Hierbij heeft de wetgever hulp geboden met de opname van Afdeling 3.5 die een coördinatieprocedure toevoegt aan de Algemene wet bestuursrecht. Dit onderdeel van de Awb (met name: § 3.5.3) werkt pas als een wet of een gemeentelijke verordening de procedure van toepassing verklaart. Zolang het college nog geen procedureregeling heeft vastgesteld is op grond van lid c de procedure van de Awb van toepassing. Dat is handig, omdat de regeling van het college nog niet klaar is en het overigens ook aan te bevelen is om die regeling pas op te stellen nadat ervaring is opgedaan met het toepassen van de coördinatieregeling.

Als het college een procedureregeling vaststelt en bekend maakt, blijft lid c buiten toepassing.

De Awb verplicht het college van burgemeester en wethouders om een aanvrager in kennis te stellen van alle vergunningen die de aanvrager voor zijn project nodig heeft.

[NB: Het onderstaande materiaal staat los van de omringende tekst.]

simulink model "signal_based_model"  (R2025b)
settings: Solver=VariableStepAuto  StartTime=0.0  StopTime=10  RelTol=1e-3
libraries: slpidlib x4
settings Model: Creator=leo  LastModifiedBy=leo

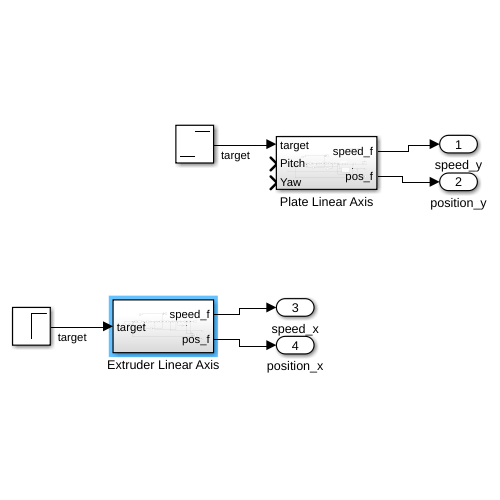
[thumbnail: Simulink's stored preview of the top-level diagram]
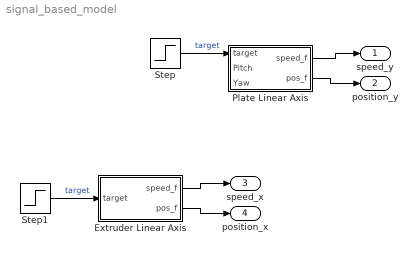
== system signal_based_model ==
  Extruder Linear Axis : Subsystem
  Plate Linear Axis : Subsystem
  Step : Step  After=0.3  SampleTime=0
  Step1 : Step  Time=0  After=0.1  SampleTime=0
  speed_y : Outport
  position_y : Outport  Port=2
  speed_x : Outport  Port=3
  position_x : Outport  Port=4
  wires:
  Step/1 -> Plate Linear Axis/1(target)  "target"
  Plate Linear Axis/1(speed_f) -> speed_y/1
  Extruder Linear Axis/2(pos_f) -> position_x/1
  Extruder Linear Axis/1(speed_f) -> speed_x/1
  Step1/1 -> Extruder Linear Axis/1(target)  "target"
  Plate Linear Axis/2(pos_f) -> position_y/1

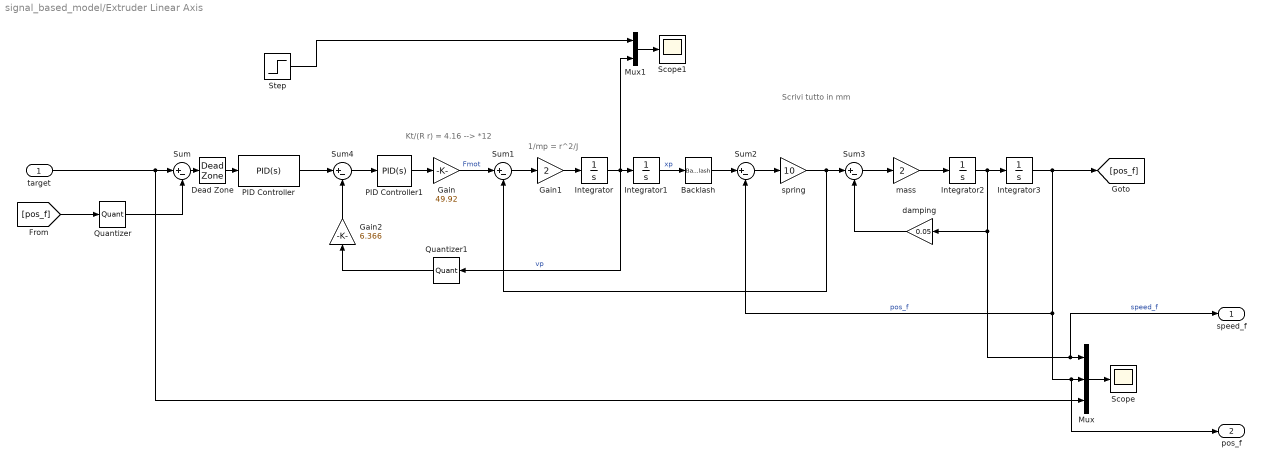
== system signal_based_model/Extruder Linear Axis ==
  note: Scrivi tutto in mm
  note: 1/mp = r^2/J
  note: Kt/(R r) = 4.16 --> *12
  target : Inport
  Backlash : Backlash  BacklashWidth=0.01
  Dead Zone : DeadZone  LowerValue=-0.005  UpperValue=0.005
  Gain : Gain  Gain=49.92
  Gain1 : Gain  Gain=2
  Gain2 : Gain  Gain=6.366
  Integrator{,1..3} (4 alike) : Integrator
  Mux : Mux  Inputs=3
  Mux1 : Mux  Inputs=2
  PID Controller : slpidlib/PID Controller  Controller=PID  Form=Parallel  TimeDomain=Continuous-time  UseExternalTs=off  SampleTime=-1  IntegratorMethod=Forward Euler  FilterMethod=Forward Euler  ControllerParametersSource=internal  P=5.88101312696394  I=1.22832421869703  UseKiTs=off  D=-1.679348597049  UseExternalDerivativeSource=off  N=2.27817359459084  UseFilter=on  TunerSelectOption=Transfer Function Based (PID Tuner App)  InitialConditionSource=internal  InitialConditionForIntegrator=0  InitialConditionForFilter=0  DifferentiatorICPrevScaledInput=0  ExternalReset=none  TrackingMode=off  Kt=1  LimitOutput=on  SatLimitsSource=internal  UpperSaturationLimit=300  LowerSaturationLimit=-300  LinearizeAsGain=on  AntiWindupMode=none  Kb=1  LimitIntegrator=off  UpperIntegratorSaturationLimit=inf  LowerIntegratorSaturationLimit=-inf  POutMin=[]  POutMax=[]  IOutMin=[]  IOutMax=[]  DOutMin=[]  DOutMax=[]  NOutMin=[]  NOutMax=[]  SumOutMin=[]  SumOutMax=[]  SaturationOutMin=[]  SaturationOutMax=[]  PParamMin=[]  PParamMax=[]  IParamMin=[]  IParamMax=[]  DParamMin=[]  DParamMax=[]  NParamMin=[]  NParamMax=[]  KbParamMin=[]  KbParamMax=[]  KtParamMin=[]  KtParamMax=[]  KbOutMin=[]  KbOutMax=[]  KtOutMin=[]  KtOutMax=[]  IntegratorOutMin=[]  IntegratorOutMax=[]  FilterOutMin=[]  FilterOutMax=[]  SumI1OutMin=[]  SumI1OutMax=[]  SumI2OutMin=[]  SumI2OutMax=[]  SumI3OutMin=[]  SumI3OutMax=[]  SumI4OutMin=[]  SumI4OutMax=[]  SumDOutMin=[]  SumDOutMax=[]  DifferentiatorOutMin=[]  DifferentiatorOutMax=[]  FilterDiffOutCoefMin=[]  FilterDiffOutCoefMax=[]  ReciprocalOutMin=[]  ReciprocalOutMax=[]  SumDenOutMin=[]  SumDenOutMax=[]  SumNumOutMin=[]  SumNumOutMax=[]  DivideOutMin=[]  DivideOutMax=[]  UdiffTsProdOutMin=[]  UdiffTsProdOutMax=[]  NTsProdOutMin=[]  NTsProdOutMax=[]  UintegralTsProdOutMin=[]  UintegralTsProdOutMax=[]  UngainTsProdOutMin=[]  UngainTsProdOutMax=[]  ClampingZeroOutDataTypeStr=Inherit: Inherit via back propagation  ClampingZeroOutMin=[]  ClampingZeroOutMax=[]  FilterDenConstantOutDataTypeStr=Inherit: Inherit via back propagation  FilterDenConstantOutMin=[]  FilterDenConstantOutMax=[]  PCopyOutDataTypeStr=Inherit: Inherit via back propagation  PCopyOutMin=[]  PCopyOutMax=[]  NCopyOutDataTypeStr=Inherit: Inherit via back propagation  NCopyOutMin=[]  NCopyOutMax=[]  IntegratorContinuousStateAttributes=''  IntegratorStateMustResolveToSignalObject=off  IntegratorRTWStateStorageClass=Auto  FilterContinuousStateAttributes=''  FilterStateMustResolveToSignalObject=off  FilterRTWStateStorageClass=Auto  ParallelPVariant=InternalParameters  IdealPVariant=Disabled  IVariant=InternalParameters  DVariant=InternalParameters  IntegratorVariant=Continuous  SatVariant=Enabled  AWVariant=Passthrough  PCopyVariant=Disabled  TRVariant=Disabled  FdbkBlocksVariant=Forward  IdealPFdbkVariant=Disabled  SatFdbkVariant=Disabled  DerivativeFilterVariant=ContFilter  NVariant=InternalParameters  NCopyVariant=Disabled  FilterICVariant=InternalICsFilter  IntegratorICVariant=InternalICs  ExternalResetVariant=Disabled  TRSumVariant=Passthrough  SumFdbkVariant=Disabled  SumVariant=Sum_PID  TsampFilterVariant=InternalTs  TsampNgainVariant=Passthrough  TsampIntegralVariant=Disabled_SignalSpec  ExternalSaturationOutDataTypeStr=Inherit: Same as second input  DerivativeSourceVariant=ErrorSignal  PreIntVariant=InternalPreInt
  PID Controller1 : slpidlib/PID Controller  Controller=PID  Form=Parallel  TimeDomain=Continuous-time  UseExternalTs=off  SampleTime=-1  IntegratorMethod=Forward Euler  FilterMethod=Forward Euler  ControllerParametersSource=internal  P=0.0150067865506817  I=0.0265065175500297  UseKiTs=off  D=0.000284995898305726  UseExternalDerivativeSource=off  N=36.46824066771  UseFilter=on  TunerSelectOption=Transfer Function Based (PID Tuner App)  InitialConditionSource=internal  InitialConditionForIntegrator=0  InitialConditionForFilter=0  DifferentiatorICPrevScaledInput=0  ExternalReset=none  TrackingMode=off  Kt=1  LimitOutput=on  SatLimitsSource=internal  UpperSaturationLimit=1  LowerSaturationLimit=-1  LinearizeAsGain=on  AntiWindupMode=none  Kb=1  LimitIntegrator=off  UpperIntegratorSaturationLimit=inf  LowerIntegratorSaturationLimit=-inf  POutMin=[]  POutMax=[]  IOutMin=[]  IOutMax=[]  DOutMin=[]  DOutMax=[]  NOutMin=[]  NOutMax=[]  SumOutMin=[]  SumOutMax=[]  SaturationOutMin=[]  SaturationOutMax=[]  PParamMin=[]  PParamMax=[]  IParamMin=[]  IParamMax=[]  DParamMin=[]  DParamMax=[]  NParamMin=[]  NParamMax=[]  KbParamMin=[]  KbParamMax=[]  KtParamMin=[]  KtParamMax=[]  KbOutMin=[]  KbOutMax=[]  KtOutMin=[]  KtOutMax=[]  IntegratorOutMin=[]  IntegratorOutMax=[]  FilterOutMin=[]  FilterOutMax=[]  SumI1OutMin=[]  SumI1OutMax=[]  SumI2OutMin=[]  SumI2OutMax=[]  SumI3OutMin=[]  SumI3OutMax=[]  SumI4OutMin=[]  SumI4OutMax=[]  SumDOutMin=[]  SumDOutMax=[]  DifferentiatorOutMin=[]  DifferentiatorOutMax=[]  FilterDiffOutCoefMin=[]  FilterDiffOutCoefMax=[]  ReciprocalOutMin=[]  ReciprocalOutMax=[]  SumDenOutMin=[]  SumDenOutMax=[]  SumNumOutMin=[]  SumNumOutMax=[]  DivideOutMin=[]  DivideOutMax=[]  UdiffTsProdOutMin=[]  UdiffTsProdOutMax=[]  NTsProdOutMin=[]  NTsProdOutMax=[]  UintegralTsProdOutMin=[]  UintegralTsProdOutMax=[]  UngainTsProdOutMin=[]  UngainTsProdOutMax=[]  ClampingZeroOutDataTypeStr=Inherit: Inherit via back propagation  ClampingZeroOutMin=[]  ClampingZeroOutMax=[]  FilterDenConstantOutDataTypeStr=Inherit: Inherit via back propagation  FilterDenConstantOutMin=[]  FilterDenConstantOutMax=[]  PCopyOutDataTypeStr=Inherit: Inherit via back propagation  PCopyOutMin=[]  PCopyOutMax=[]  NCopyOutDataTypeStr=Inherit: Inherit via back propagation  NCopyOutMin=[]  NCopyOutMax=[]  IntegratorContinuousStateAttributes=''  IntegratorStateMustResolveToSignalObject=off  IntegratorRTWStateStorageClass=Auto  FilterContinuousStateAttributes=''  FilterStateMustResolveToSignalObject=off  FilterRTWStateStorageClass=Auto  ParallelPVariant=InternalParameters  IdealPVariant=Disabled  IVariant=InternalParameters  DVariant=InternalParameters  IntegratorVariant=Continuous  SatVariant=Enabled  AWVariant=Passthrough  PCopyVariant=Disabled  TRVariant=Disabled  FdbkBlocksVariant=Forward  IdealPFdbkVariant=Disabled  SatFdbkVariant=Disabled  DerivativeFilterVariant=ContFilter  NVariant=InternalParameters  NCopyVariant=Disabled  FilterICVariant=InternalICsFilter  IntegratorICVariant=InternalICs  ExternalResetVariant=Disabled  TRSumVariant=Passthrough  SumFdbkVariant=Disabled  SumVariant=Sum_PID  TsampFilterVariant=InternalTs  TsampNgainVariant=Passthrough  TsampIntegralVariant=Disabled_SignalSpec  ExternalSaturationOutDataTypeStr=Inherit: Same as second input  DerivativeSourceVariant=ErrorSignal  PreIntVariant=InternalPreInt
  Quantizer : Quantizer  QuantizationInterval=0.005
  Quantizer1 : Quantizer  QuantizationInterval=0.02
  Scope : Scope
      settings: ActiveDisplayYMinimum=-0.12448091538103732  ActiveDisplayYMaximum=0.19087454091258427
  Scope1 : Scope
      settings: ActiveDisplayYMinimum=-1  ActiveDisplayYMaximum=1
  Step : Step  After=250  SampleTime=0
  Sum{,1..4} (5 alike) : Sum  Inputs=|+-
  damping : Gain  Gain=0.05
  mass : Gain  Gain=2
  spring : Gain  Gain=10
  speed_f : Outport
  pos_f : Outport  Port=2
  wires:
  Integrator/1 -> Mux1/2, Quantizer1/1, Integrator1/1  "vp"
  Integrator1/1 -> Backlash/1  "xp"
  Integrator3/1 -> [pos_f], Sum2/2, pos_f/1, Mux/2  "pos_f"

Lid b geeft aan dat het wenselijk is dat het college in de procedureregeling aangeeft hoe aan die verplichting vorm wordt gegeven.

Met uitzondering van de artikelen 3.28 en 3.29 over administratief beroep. Deze artikelen zijn overbodig, omdat de Wro dit aspect regelt. Bij toepassing van de coördinatieverordening volgen alle gecoördineerde besluiten de procedure van het bestemmingsplan of omgevingsvergunning.

Lid d is opgenomen voor alle duidelijkheid. Dat het college het "coördinerend orgaan" is, blijkt ook al uit artikel 3.31, eerste lid van de Wro, dus feitelijk is dit lid overbodig.

Artikel 7

Het college doet jaarlijks verslag over de projecten waarop coördinatie is toegepast. In dit verslag vermeldt het college in elk geval om welke projecten het gaat en welke termijnen zijn gevolgd. Dit overzicht kan nuttig blijken voor toekomstige afwegingen over gecoördineerde behandeling.

Artikel 8

Deze verordening wordt aangehaald als: Coördinatieverordening gemeente Amsterdam.